Digital currencies, commonly referred to as cryptocurrencies, have revolutionised the financial landscape by introducing decentralised and borderless means of value transfer. As their adoption grows, taxation becomes more complex. One area that often raises questions is whether withholding tax (WHT) applies to digital currencies, particularly in relation to dividend tax. This article explores whether digital currencies are subject to withholding tax, examining various scenarios and tax implications.

Understanding Withholding Tax

Governments impose withholding tax by deducting a portion of income payments, such as interest, dividends, or royalties, before the recipient receives the funds. This system ensures tax compliance and simplifies the collection of taxes from non-residents earning income within a particular jurisdiction.

How Are Digital Currencies Classified for Tax Purposes?

The tax treatment of digital currencies varies across jurisdictions due to their unique characteristics. In the United States, the Internal Revenue Service (IRS) classifies cryptocurrencies as property rather than currency. As a result, general tax principles applicable to property transactions govern digital asset transactions. Buying, selling, or trading cryptocurrencies may lead to capital gains or losses, depending on the holding period and the price difference between purchase and sale.

When Does Withholding Tax Apply to Digital Currencies?

The applicability of withholding tax to digital currencies depends on the nature of the transaction and specific jurisdictional tax regulations.

Payments to Independent Contractors and Employees

Businesses that pay independent contractors using digital currencies must account for tax implications. The fair market value of the cryptocurrency at the time of payment determines the tax liability. If the total payment exceeds $600 in a year, the IRS requires businesses to report it.

For employees, wages paid in digital currencies are taxable and must be reported. These payments are subject to income tax withholding, as well as Social Security and Medicare taxes.

Dividend Payments in Digital Currencies

When companies distribute dividends in digital currencies, tax treatment depends on the jurisdiction’s regulations. In the United States, shareholders must report the fair market value of the cryptocurrency received as dividend income. Companies may also need to withhold taxes on these dividend payments based on the recipient’s tax status.

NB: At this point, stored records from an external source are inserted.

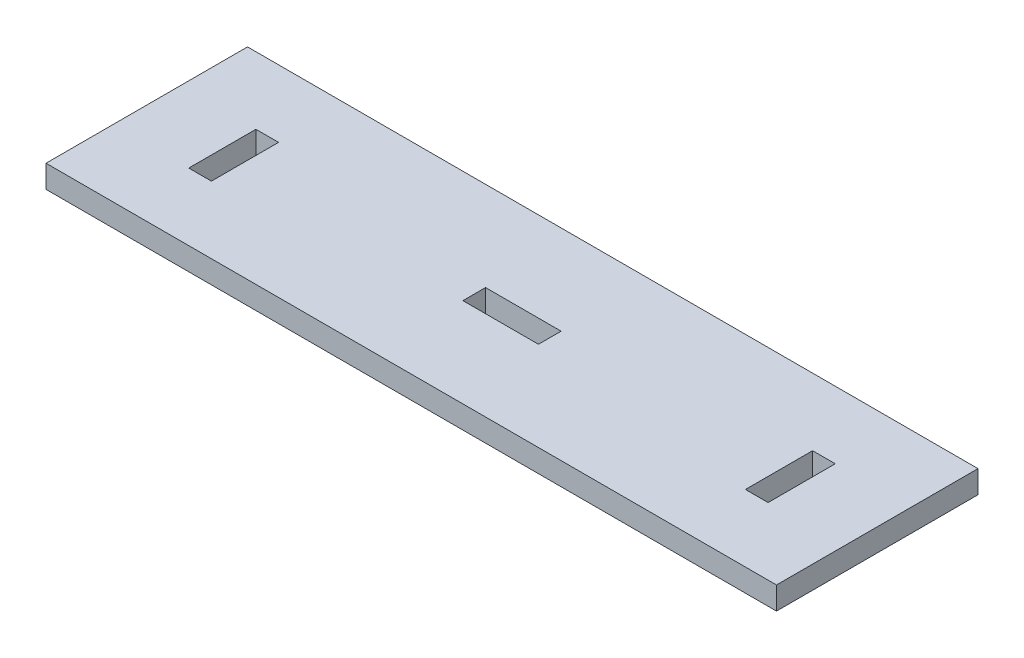
ISO-10303-21;
HEADER;
FILE_DESCRIPTION(('STEP AP214'),'2;1');
FILE_NAME('part.step','',(''),(''),'','','');
FILE_SCHEMA(('AUTOMOTIVE_DESIGN { 1 0 10303 214 1 1 1 1 }'));
ENDSEC;
DATA;
#1=APPLICATION_CONTEXT('core data for automotive mechanical design processes');
#2=APPLICATION_PROTOCOL_DEFINITION('international standard','automotive_design',2000,#1);
#3=PRODUCT_CONTEXT('',#1,'mechanical');
#4=PRODUCT('Part','Part','',(#3));
#5=PRODUCT_RELATED_PRODUCT_CATEGORY('part','',(#4));
#6=PRODUCT_DEFINITION_FORMATION('','',#4);
#7=PRODUCT_DEFINITION_CONTEXT('part definition',#1,'design');
#8=PRODUCT_DEFINITION('design','',#6,#7);
#9=PRODUCT_DEFINITION_SHAPE('','',#8);
#10=(LENGTH_UNIT() NAMED_UNIT(*) SI_UNIT(.MILLI.,.METRE.));
#11=(NAMED_UNIT(*) PLANE_ANGLE_UNIT() SI_UNIT($,.RADIAN.));
#12=(NAMED_UNIT(*) SI_UNIT($,.STERADIAN.) SOLID_ANGLE_UNIT());
#13=UNCERTAINTY_MEASURE_WITH_UNIT(LENGTH_MEASURE(1.E-05),#10,'distance_accuracy_value','');
#14=(GEOMETRIC_REPRESENTATION_CONTEXT(3) GLOBAL_UNCERTAINTY_ASSIGNED_CONTEXT((#13)) GLOBAL_UNIT_ASSIGNED_CONTEXT((#10,
#11,#12)) REPRESENTATION_CONTEXT('',''));
#15=CARTESIAN_POINT('',(0.,0.,0.));
#16=DIRECTION('',(0.,0.,1.));
#17=DIRECTION('',(1.,0.,0.));
#18=AXIS2_PLACEMENT_3D('',#15,#16,#17);
#19=CARTESIAN_POINT('',(0.,8.99999999999999,-44.5));
#20=DIRECTION('',(0.,0.,-1.));
#21=DIRECTION('',(-1.,0.,0.));
#22=AXIS2_PLACEMENT_3D('',#19,#20,#21);
#23=PLANE('',#22);
#24=DIRECTION('',(1.,0.,0.));
#25=VECTOR('',#24,1.);
#26=CARTESIAN_POINT('',(0.,0.,-44.5));
#27=LINE('',#26,#25);
#28=CARTESIAN_POINT('',(130.,0.,-44.5));
#29=VERTEX_POINT('',#28);
#30=CARTESIAN_POINT('',(160.,0.,-44.5));
#31=VERTEX_POINT('',#30);
#32=EDGE_CURVE('E239',#29,#31,#27,.T.);
#33=ORIENTED_EDGE('',*,*,#32,.T.);
#34=DIRECTION('',(0.,-1.,0.));
#35=VECTOR('',#34,1.);
#36=CARTESIAN_POINT('',(160.,8.99999999999999,-44.5));
#37=LINE('',#36,#35);
#38=CARTESIAN_POINT('',(160.,8.99999999999999,-44.5));
#39=VERTEX_POINT('',#38);
#40=EDGE_CURVE('E11',#39,#31,#37,.T.);
#41=ORIENTED_EDGE('',*,*,#40,.F.);
#42=DIRECTION('',(1.,0.,0.));
#43=VECTOR('',#42,1.);
#44=CARTESIAN_POINT('',(0.,8.99999999999999,-44.5));
#45=LINE('',#44,#43);
#46=CARTESIAN_POINT('',(130.,8.99999999999999,-44.5));
#47=VERTEX_POINT('',#46);
#48=EDGE_CURVE('E171',#47,#39,#45,.T.);
#49=ORIENTED_EDGE('',*,*,#48,.F.);
#50=DIRECTION('',(0.,-1.,0.));
#51=VECTOR('',#50,1.);
#52=CARTESIAN_POINT('',(130.,8.99999999999999,-44.5));
#53=LINE('',#52,#51);
#54=EDGE_CURVE('E62',#47,#29,#53,.T.);
#55=ORIENTED_EDGE('',*,*,#54,.T.);
#56=EDGE_LOOP('',(#33,#41,#49,#55));
#57=FACE_BOUND('',#56,.T.);
#58=ADVANCED_FACE('F42',(#57),#23,.F.);
#59=CARTESIAN_POINT('',(160.,8.99999999999999,0.));
#60=DIRECTION('',(1.,0.,0.));
#61=DIRECTION('',(0.,0.,-1.));
#62=AXIS2_PLACEMENT_3D('',#59,#60,#61);
#63=PLANE('',#62);
#64=DIRECTION('',(0.,0.,1.));
#65=VECTOR('',#64,1.);
#66=CARTESIAN_POINT('',(160.,0.,0.));
#67=LINE('',#66,#65);
#68=CARTESIAN_POINT('',(160.,0.,-35.5));
#69=VERTEX_POINT('',#68);
#70=EDGE_CURVE('E178',#31,#69,#67,.T.);
#71=ORIENTED_EDGE('',*,*,#70,.T.);
#72=DIRECTION('',(0.,-1.,0.));
#73=VECTOR('',#72,1.);
#74=CARTESIAN_POINT('',(160.,8.99999999999999,-35.5));
#75=LINE('',#74,#73);
#76=CARTESIAN_POINT('',(160.,8.99999999999999,-35.5));
#77=VERTEX_POINT('',#76);
#78=EDGE_CURVE('E53',#77,#69,#75,.T.);
#79=ORIENTED_EDGE('',*,*,#78,.F.);
#80=DIRECTION('',(0.,0.,1.));
#81=VECTOR('',#80,1.);
#82=CARTESIAN_POINT('',(160.,8.99999999999999,0.));
#83=LINE('',#82,#81);
#84=EDGE_CURVE('E165',#39,#77,#83,.T.);
#85=ORIENTED_EDGE('',*,*,#84,.F.);
#86=ORIENTED_EDGE('',*,*,#40,.T.);
#87=EDGE_LOOP('',(#71,#79,#85,#86));
#88=FACE_BOUND('',#87,.T.);
#89=ADVANCED_FACE('F177',(#88),#63,.F.);
#90=CARTESIAN_POINT('',(0.,8.99999999999999,-35.5));
#91=DIRECTION('',(0.,0.,-1.));
#92=DIRECTION('',(-1.,0.,0.));
#93=AXIS2_PLACEMENT_3D('',#90,#91,#92);
#94=PLANE('',#93);
#95=DIRECTION('',(1.,0.,0.));
#96=VECTOR('',#95,1.);
#97=CARTESIAN_POINT('',(0.,0.,-35.5));
#98=LINE('',#97,#96);
#99=CARTESIAN_POINT('',(130.,0.,-35.5));
#100=VERTEX_POINT('',#99);
#101=EDGE_CURVE('E244',#100,#69,#98,.T.);
#102=ORIENTED_EDGE('',*,*,#101,.F.);
#103=DIRECTION('',(0.,-1.,0.));
#104=VECTOR('',#103,1.);
#105=CARTESIAN_POINT('',(130.,8.99999999999999,-35.5));
#106=LINE('',#105,#104);
#107=CARTESIAN_POINT('',(130.,8.99999999999999,-35.5));
#108=VERTEX_POINT('',#107);
#109=EDGE_CURVE('E112',#108,#100,#106,.T.);
#110=ORIENTED_EDGE('',*,*,#109,.F.);
#111=DIRECTION('',(1.,0.,0.));
#112=VECTOR('',#111,1.);
#113=CARTESIAN_POINT('',(0.,8.99999999999999,-35.5));
#114=LINE('',#113,#112);
#115=EDGE_CURVE('E170',#108,#77,#114,.T.);
#116=ORIENTED_EDGE('',*,*,#115,.T.);
#117=ORIENTED_EDGE('',*,*,#78,.T.);
#118=EDGE_LOOP('',(#102,#110,#116,#117));
#119=FACE_BOUND('',#118,.T.);
#120=ADVANCED_FACE('F183',(#119),#94,.T.);
#121=CARTESIAN_POINT('',(0.,8.99999999999999,-26.6666666666667));
#122=DIRECTION('',(0.,0.,1.));
#123=DIRECTION('',(1.,0.,0.));
#124=AXIS2_PLACEMENT_3D('',#121,#122,#123);
#125=PLANE('',#124);
#126=DIRECTION('',(-1.,0.,0.));
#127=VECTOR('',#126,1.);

Cross-Border Transactions and Withholding Tax

For international transactions, withholding tax may apply to payments made to foreign individuals or entities. Tax treaties between countries determine the specific rate and applicability. For example, a US company paying royalties in digital currencies to a foreign entity may need to withhold tax at a rate specified in the relevant tax treaty.

How Do Tax Authorities Track Digital Currency Transactions?

Governments are developing new methods to monitor transactions. Tax authorities use blockchain analytics and exchange reporting requirements to enforce withholding tax compliance. While dividends in cryptocurrencies may be taxed similarly to traditional dividends, other digital asset earnings—such as staking rewards and DeFi yields—may also fall under withholding tax regulations depending on jurisdictional rules.

Tax Reporting Obligations

Individuals must report income from digital assets on their tax returns, including mining rewards, staking earnings, or payments received in cryptocurrencies.

Brokers must also comply with new reporting obligations. From 1 January 2025, they must report the gross proceeds from customers’ crypto sales and exchanges. This requirement enhances IRS oversight of digital asset transactions.

How Different Countries Tax Digital Currencies

Tax treatment of digital currencies differs worldwide. The Court of Justice of the European Union ruled that exchanging traditional currencies for bitcoin is exempt from VAT. However, each EU member state has its own regulations regarding income tax and withholding tax on cryptocurrency transactions.

In Belarus, under the Decree on the Development of Digital Economy, certain digital currency transactions were excluded from taxation until 1 January 2023. This temporary exemption encouraged digital asset adoption within the country.

Challenges in Enforcing Withholding Tax on Digital Currencies

Several challenges arise when applying withholding tax. Price volatility makes it difficult to determine fair market value at the time of a transaction. Additionally, evolving regulations often lag behind industry developments, creating ambiguity in tax laws. Ensuring compliance requires robust tracking and reporting systems, which pose challenges for both taxpayers and tax authorities.

Failing to withhold tax on crypto payments can result in severe penalties, including fines, interest charges, and potential legal action. As regulations continue to evolve, businesses and individuals must remain informed to avoid financial and legal risks.

Conclusion

Determining whether withholding tax applies to digital currencies depends on transaction type and jurisdictional regulations. As digital assets become more integrated into global financial systems, individuals and businesses must stay informed about their tax obligations. Consulting tax professionals, like Global Tax Recovery, and keeping up with regulatory developments can help navigate the complexities of digital currency taxation.